#### [WHAT IS REQUIRED]
The answer should be each line of the records that contains the word "Continuous"; please copy them all.

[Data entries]

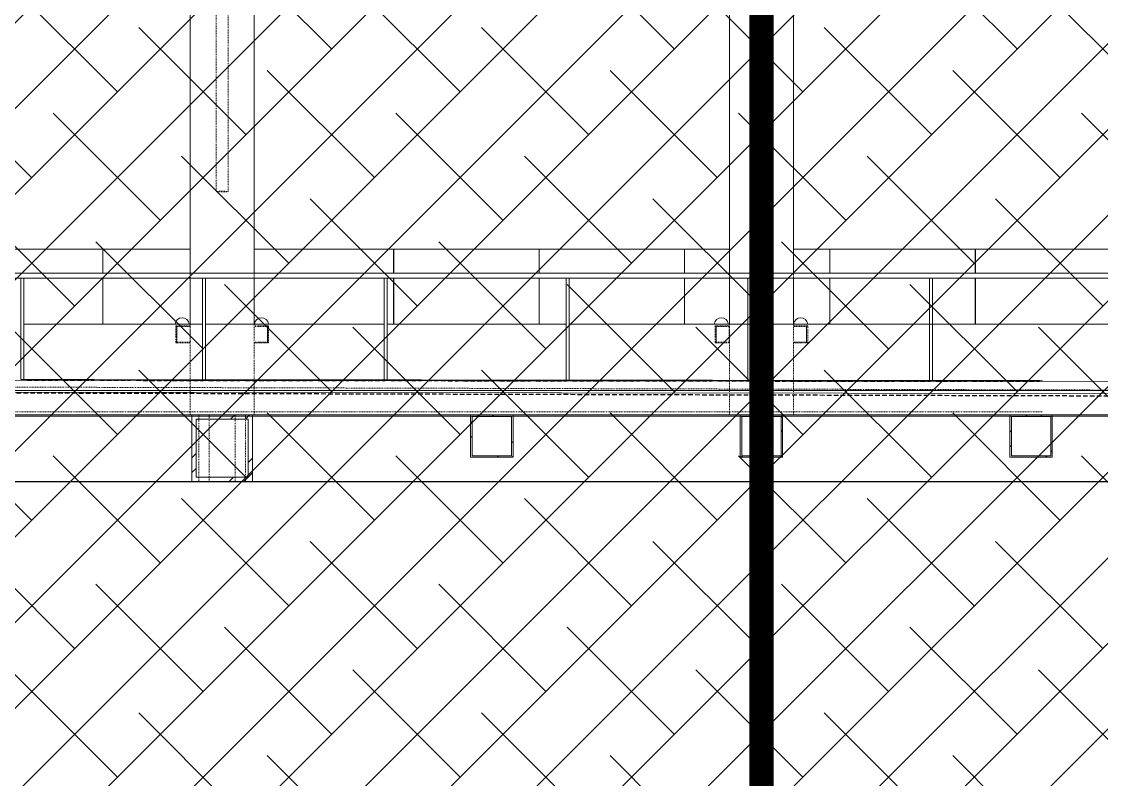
# Model space of a CAD drawing. Header units: millimetres. Extents: x 50357 to 985146, y 723188 to 1803594.
# Drawn here: x 887690 to 896601, y 816336 to 822591 of the extents above; entities that cross this region are included whole.
import ezdxf

# ---------------------------------------------------------------- set-up
doc = ezdxf.new("R2010")
doc.units = ezdxf.units.MM
doc.header["$LTSCALE"] = 3
doc.header["$MEASUREMENT"] = 0
for name, pattern in [('DASHED', [19.05, 12.7, -6.35]), ('HIDDEN', [0.375, 0.25, -0.125]), ('Member Hidden', [4.5, 2.5, -2])]:
    doc.linetypes.add(name, pattern=pattern)
for name, color, linetype, lineweight, true_color in [('-Surrender line', 7, 'Continuous', 40, 0xff7575), ('A-FLOR-HRAL', 7, 'Continuous', 13, 0x6e6e6e), ('A-FLOR-PATT', 7, 'Continuous', 13, 0x6e6e6e), ('A-GENM', 7, 'Continuous', 13, 0x6e6e6e), ('ADS280_B', 7, 'Member Hidden', 13, 0x6e6e6e), ('ADS280_BSteel', 7, 'Continuous', 13, 0x6e6e6e), ('ADS280_CU', 7, 'HIDDEN', 13, 0x6e6e6e), ('ADS280_H', 7, 'Member Hidden', 13, 0x6e6e6e), ('ADS280_S', 7, 'Continuous', 13, 0x6e6e6e), ('E-LITE-EQPM', 7, 'Continuous', 13, 0x6e6e6e), ('Q-SPCQ', 7, 'Continuous', 13, 0x6e6e6e)]:
    doc.layers.add(name, color=color, linetype=linetype, lineweight=lineweight, true_color=true_color)
doc.layers.add('_PARCEL BOUNDARY', color=10, linetype='DASHED')
doc.layers.add('Hatch (CARR)', color=8, linetype='Continuous', lineweight=35)
pattern_1 = [(45, (162427.4, 13871), (-251.4472, 251.4472), []), (45, (162427.4, 14252), (-251.4472, 251.4472), [])]

# ---------------------------------------------------------------- blocks, each defined once
blk = doc.blocks.new('Railing - 25mm-V4-SEC A')
at = {"layer": 'A-FLOR-HRAL'}
for p, q in [((112643.5, 20992), (112643.5, 21828.8)), ((112668.5, 20992), (112668.5, 21828.8))]:
    blk.add_line(p, q, dxfattribs=at)
blk = doc.blocks.new('Railing - 25mm-V5-SEC A')
at = {"layer": 'A-FLOR-HRAL'}
for p, q in [((114143.5, 20989.9), (114143.5, 21828.8)), ((114168.5, 20989.6), (114168.5, 21828.8))]:
    blk.add_line(p, q, dxfattribs=at)
blk = doc.blocks.new('Railing - 25mm-V6-SEC A')
at = {"layer": 'A-FLOR-HRAL'}
for p, q in [((115643.5, 20988.3), (115643.5, 21828.8)), ((115668.5, 20988), (115668.5, 21828.8))]:
    blk.add_line(p, q, dxfattribs=at)
blk = doc.blocks.new('Railing - 25mm-V7-SEC A')
at = {"layer": 'A-FLOR-HRAL'}
for p, q in [((117143.5, 20986.7), (117143.5, 21828.8)), ((117168.5, 20986.3), (117168.5, 21828.8))]:
    blk.add_line(p, q, dxfattribs=at)
blk = doc.blocks.new('Railing - 25mm-V8-SEC A')
at = {"layer": 'A-FLOR-HRAL'}
for p, q in [((118643.5, 20985), (118643.5, 21828.8)), ((118668.5, 20984.7), (118668.5, 21828.8))]:
    blk.add_line(p, q, dxfattribs=at)
blk = doc.blocks.new('Railing - 25mm-V9-SEC A')
at = {"layer": 'A-FLOR-HRAL'}
for p, q in [((120143.5, 20983.4), (120143.5, 21828.8)), ((120168.5, 20983.1), (120168.5, 21828.8))]:
    blk.add_line(p, q, dxfattribs=at)
blk = doc.blocks.new('Railing - Railing-3272102-SEC A')
for name in ['Railing - 25mm-V4-SEC A', 'Railing - 25mm-V5-SEC A', 'Railing - 25mm-V6-SEC A', 'Railing - 25mm-V7-SEC A', 'Railing - 25mm-V8-SEC A', 'Railing - 25mm-V9-SEC A']:
    blk.add_blockref(name, (0, 0))
blk = doc.blocks.new('Lighting_Fixtures_Area_Floodlight - 150_Watt_Halogen-V60-SEC A')
at = {"layer": 'E-LITE-EQPM'}
blk.add_arc((109447, 21442), 59, 7.85838, 172.14162, dxfattribs=at)
blk = doc.blocks.new('Lighting_Fixtures_Area_Floodlight - 150_Watt_Halogen-V61-SEC A')
at = {"layer": 'E-LITE-EQPM'}
blk.add_arc((110265, 21442), 59, 7.85838, 172.14162, dxfattribs=at)
blk = doc.blocks.new('Tactile_Orientation_Line Base - Tactile_Orientation_Line Base-V66-SEC A')
at = {"layer": 'Q-SPCQ'}
blk.add_hatch(color=256, dxfattribs=at).paths.add_polyline_path([(107850.7, 20991.7), (107850.7, 20996.7), (107550.7, 20996.7), (107550.7, 20991.7), (107690.8, 20991.7)], flags=0)
for p, q in [((107550.7, 20996.7), (107850.7, 20996.7)), ((107550.7, 20991.7), (107550.7, 20996.7)), ((107850.7, 20991.7), (107550.7, 20991.7)), ((107850.7, 20991.7), (107850.7, 20996.7))]:
    blk.add_line(p, q, dxfattribs=at)
blk = doc.blocks.new('Tactile_Orientation_Line Base - Tactile_Orientation_Line Base-V67-SEC A')
at = {"layer": 'Q-SPCQ'}
blk.add_hatch(color=256, dxfattribs=at).paths.add_polyline_path([(119550.7, 20978.7), (119850.7, 20978.7), (119850.7, 20983.7), (119550.7, 20983.7)], flags=0)
for p, q in [((119550.7, 20983.7), (119850.7, 20983.7)), ((119550.7, 20978.7), (119550.7, 20983.7)), ((119850.7, 20978.7), (119550.7, 20978.7))]:
    blk.add_line(p, q, dxfattribs=at)
blk = doc.blocks.new('Tactile_Orientation_Line Base - Tactile_Orientation_Line Base-V68-SEC A')
at = {"layer": 'Q-SPCQ'}
blk.add_hatch(color=256, dxfattribs=at).paths.add_polyline_path([(121075.7, 20977.1), (121075.7, 20982.1), (121050.7, 20982.1), (121050.7, 20977.1)], flags=0)
for p, q in [((121050.7, 20982.1), (121075.7, 20982.1)), ((121050.7, 20977.1), (121050.7, 20982.1)), ((121075.7, 20977.1), (121050.7, 20977.1))]:
    blk.add_line(p, q, dxfattribs=at)
blk = doc.blocks.new('Railing - Sabco_Joint-V76-SEC A')
at = {"layer": 'A-FLOR-HRAL'}
for p, q in [((113320.5, 22068.8), (113320.5, 22067.8)), ((113320.5, 22068.8), (113321.5, 22068.8)), ((113320.5, 22067.8), (113320.5, 21868.8)), ((113321.5, 22067.8), (113320.5, 22067.8)), ((113321.5, 22067.8), (113321.5, 22068.8)), ((113321.5, 21868.8), (113321.5, 22067.8)), ((113320.5, 21828.8), (113320.5, 21450)), ((113321.5, 21450), (113321.5, 21828.8))]:
    blk.add_line(p, q, dxfattribs=at)
blk = doc.blocks.new('Railing - Sabco_Joint-V77-SEC A')
at = {"layer": 'A-FLOR-HRAL'}
for p, q in [((120520.5, 22068.8), (120520.5, 22067.8)), ((120520.5, 22068.8), (120521.5, 22068.8)), ((120520.5, 22067.8), (120520.5, 21868.8)), ((120521.5, 22067.8), (120520.5, 22067.8)), ((120521.5, 22067.8), (120521.5, 22068.8)), ((120521.5, 21868.8), (120521.5, 22067.8)), ((120520.5, 21829), (120520.5, 21450)), ((120521.5, 21450), (120521.5, 21829))]:
    blk.add_line(p, q, dxfattribs=at)
blk = doc.blocks.new('Railing - Railing-5125128-SEC A')
at = {"layer": 'A-FLOR-HRAL'}
for p, q in [((110206, 22068.7), (114041, 22068.7)), ((110206, 22067.8), (114041, 22067.8)), ((112121.6, 22068.8), (113320.5, 22068.8)), ((113321.6, 22068.8), (114041, 22068.8)), ((114571, 22068.7), (118491, 22068.7)), ((114571, 22068.8), (115720.5, 22068.8)), ((114571, 22067.8), (118491, 22067.8)), ((115721.6, 22068.8), (116920.5, 22068.8)), ((116921.6, 22068.8), (118120.5, 22068.8)), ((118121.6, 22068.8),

#### [TASK RESULT]
for name, color, linetype, lineweight, true_color in [('-Surrender line', 7, 'Continuous', 40, 0xff7575), ('A-FLOR-HRAL', 7, 'Continuous', 13, 0x6e6e6e), ('A-FLOR-PATT', 7, 'Continuous', 13, 0x6e6e6e), ('A-GENM', 7, 'Continuous', 13, 0x6e6e6e), ('ADS280_B', 7, 'Member Hidden', 13, 0x6e6e6e), ('ADS280_BSteel', 7, 'Continuous', 13, 0x6e6e6e), ('ADS280_CU', 7, 'HIDDEN', 13, 0x6e6e6e), ('ADS280_H', 7, 'Member Hidden', 13, 0x6e6e6e), ('ADS280_S', 7, 'Continuous', 13, 0x6e6e6e), ('E-LITE-EQPM', 7, 'Continuous', 13, 0x6e6e6e), ('Q-SPCQ', 7, 'Continuous', 13, 0x6e6e6e)]:
doc.layers.add('Hatch (CARR)', color=8, linetype='Continuous', lineweight=35)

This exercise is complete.